What you should do: For the string "SILK", state the number of lines in the data that contain it, and nothing else.

***** Provided information *****

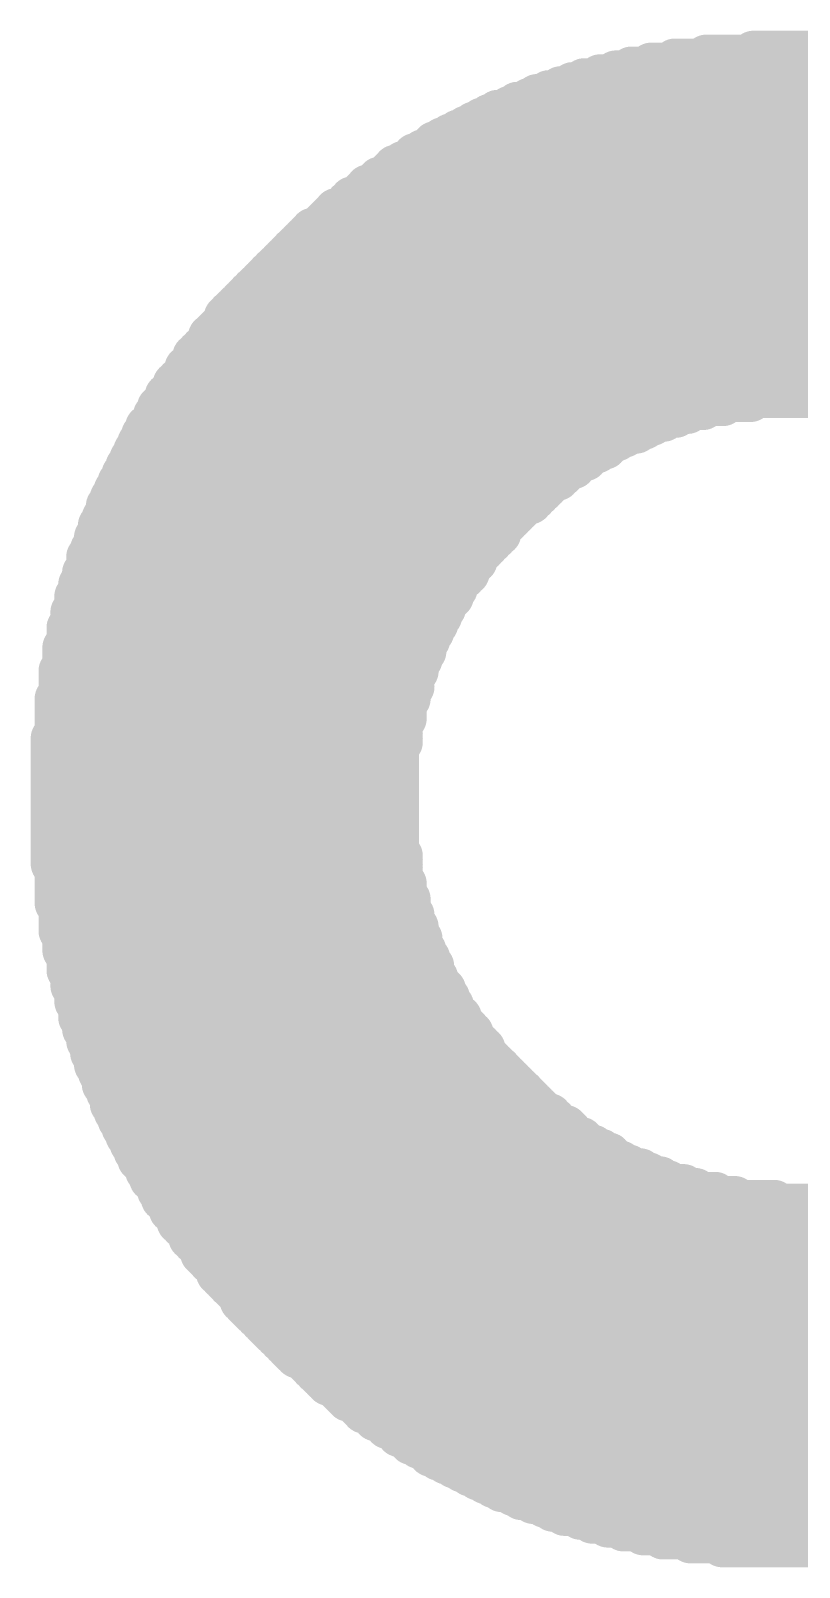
# Model space of a CAD drawing. Extents: x 97 to 206, y 100 to 175.
# Drawn here: x 153.201 to 154.054, y 163.494 to 165.199 of the extents above; entities that cross this region are included whole.
import ezdxf

# ---------------------------------------------------------------- set-up
doc = ezdxf.new("R2010")
doc.units = 0
doc.layers.get('0').update_dxf_attribs({"linetype": 'CONTINUOUS'})
doc.layers.add('SILK-TOP_PHO', color=9, linetype='CONTINUOUS')

# ---------------------------------------------------------------- blocks, each defined once
blk = doc.blocks.new('ROUND_117')
at = {"const_width": 0.02502}
blk.add_lwpolyline([(-0.01251, 0, 1), (0.01251, 0, 1)], format="xyb", close=True, dxfattribs=at)

msp = doc.modelspace()

# ---------------------------------------------------------------- linework, layer by layer
at = {"layer": 'SILK-TOP_PHO', "const_width": 0.050038}
for points in [[(153.95067, 165.169342), (154.156664, 165.169342)], [(154.002994, 165.17366), (154.10434, 165.17366)], [(153.85034, 165.151816), (154.257248, 165.151816)], [(153.867612, 165.156134), (154.239722, 165.156134)], [(153.889456, 165.160452), (154.217878, 165.160452)], [(153.915872, 165.165024), (154.191716, 165.165024)], [(153.789126, 165.13429), (154.318208, 165.13429)], [(153.802334, 165.138862), (154.305254, 165.138862)], [(153.815288, 165.14318), (154.287728, 165.14318)], [(153.832814, 165.147498), (154.27452, 165.147498)], [(153.74112, 165.117018), (154.366214, 165.117018)], [(153.754328, 165.121336), (154.35326, 165.121336)], [(153.762964, 165.125654), (154.34437, 165.125654)], [(153.776172, 165.129972), (154.331416, 165.129972)], [(153.70175, 165.099492), (154.405584, 165.099492)], [(153.71064, 165.10381), (154.396948, 165.10381)], [(153.719276, 165.108128), (154.388058, 165.108128)], [(153.732484, 165.112446), (154.375104, 165.112446)], [(153.666952, 165.081966), (154.440382, 165.081966)], [(153.675588, 165.086284), (154.431746, 165.086284)], [(153.684478, 165.090602), (154.42311, 165.090602)], [(153.693114, 165.095174), (154.41422, 165.095174)], [(153.645108, 165.069012), (154.462226, 165.069012)], [(153.649426, 165.07333), (154.457908, 165.07333)], [(153.658062, 165.077648), (154.449272, 165.077648)], [(153.614628, 165.051486), (154.49296, 165.051486)], [(153.623264, 165.055804), (154.48407, 165.055804)], [(153.627582, 165.060122), (154.479752, 165.060122)], [(153.636472, 165.06444), (154.471116, 165.06444)], [(153.588212, 165.03396), (154.519122, 165.03396)], [(153.597102, 165.038278), (154.510232, 165.038278)], [(153.60142, 165.042596), (154.505914, 165.042596)], [(153.605738, 165.047168), (154.497278, 165.047168)], [(153.566622, 165.016434), (154.540966, 165.016434)], [(153.57094, 165.020752), (154.536648, 165.020752)], [(153.575258, 165.025324), (154.532076, 165.025324)], [(153.583894, 165.029642), (154.52344, 165.029642)], [(153.540206, 164.999162), (154.567128, 164.999162)], [(153.549096, 165.00348), (154.558492, 165.00348)], [(153.553414, 165.007798), (154.55392, 165.007798)], [(153.557732, 165.012116), (154.549602, 165.012116)], [(153.522934, 164.981636), (154.584654, 164.981636)], [(153.527252, 164.985954), (154.580082, 164.985954)], [(153.53157, 164.990272), (154.575764, 164.990272)], [(153.535888, 164.99459), (154.571446, 164.99459)], [(153.50109, 164.96411), (154.606498, 164.96411)], [(153.505408, 164.968428), (154.601926, 164.968428)], [(153.509726, 164.972746), (154.597608, 164.972746)], [(153.514044, 164.977318), (154.59329, 164.977318)], [(153.483564, 164.946584), (154.62377, 164.946584)], [(153.487882, 164.950902), (154.619452, 164.950902)], [(153.4922, 164.955474), (154.615134, 164.955474)], [(153.496772, 164.959792), (154.610816, 164.959792)], [(153.466038, 164.929312), (154.641296, 164.929312)], [(153.470356, 164.93363), (154.636978, 164.93363)], [(153.474928, 164.937948), (154.63266, 164.937948)], [(153.479246, 164.942266), (154.628342, 164.942266)], [(153.448512, 164.911786), (154.658822, 164.911786)], [(153.453084, 164.916104), (154.654504, 164.916104)], [(153.457402, 164.920422), (154.649932, 164.920422)], [(153.46172, 164.92474), (154.645614, 164.92474)], [(153.435558, 164.898578), (154.671776, 164.898578)], [(153.439876, 164.902896), (154.667458, 164.902896)], [(153.444194, 164.907468), (154.66314, 164.907468)], [(153.418032, 164.881052), (154.684984, 164.881052)], [(153.42235, 164.885624), (154.684984, 164.885624)], [(153.426922, 164.889942), (154.680666, 164.889942)], [(153.43124, 164.89426), (154.676348, 164.89426)], [(153.405078, 164.86378), (154.70251, 164.86378)], [(153.409396, 164.868098), (154.698192, 164.868098)], [(153.413714, 164.872416), (154.69362, 164.872416)], [(153.418032, 164.876734), (154.689302, 164.876734)], [(153.39187, 164.846254), (154.715464, 164.846254)], [(153.396188, 164.850572), (154.711146, 164.850572)], [(153.400506, 164.859462), (154.706828, 164.859462)], [(153.400506, 164.85489), (154.706828, 164.85489)], [(153.378662, 164.828728), (154.728672, 164.828728)], [(153.383234, 164.837618), (154.724354, 164.837618)], [(153.383234, 164.833046), (154.724354, 164.833046)], [(153.387552, 164.841936), (154.719782, 164.841936)], [(153.365708, 164.811202), (154.741626, 164.811202)], [(153.370026, 164.815774), (154.737308, 164.815774)], [(153.374344, 164.82441), (154.73299, 164.82441)], [(153.374344, 164.820092), (154.73299, 164.820092)], [(153.3525, 164.79393), (154.754834, 164.79393)], [(153.357072, 164.798248), (154.750516, 164.798248)], [(153.36139, 164.806884), (154.746198, 164.806884)], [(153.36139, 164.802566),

*****

Exercise result: 2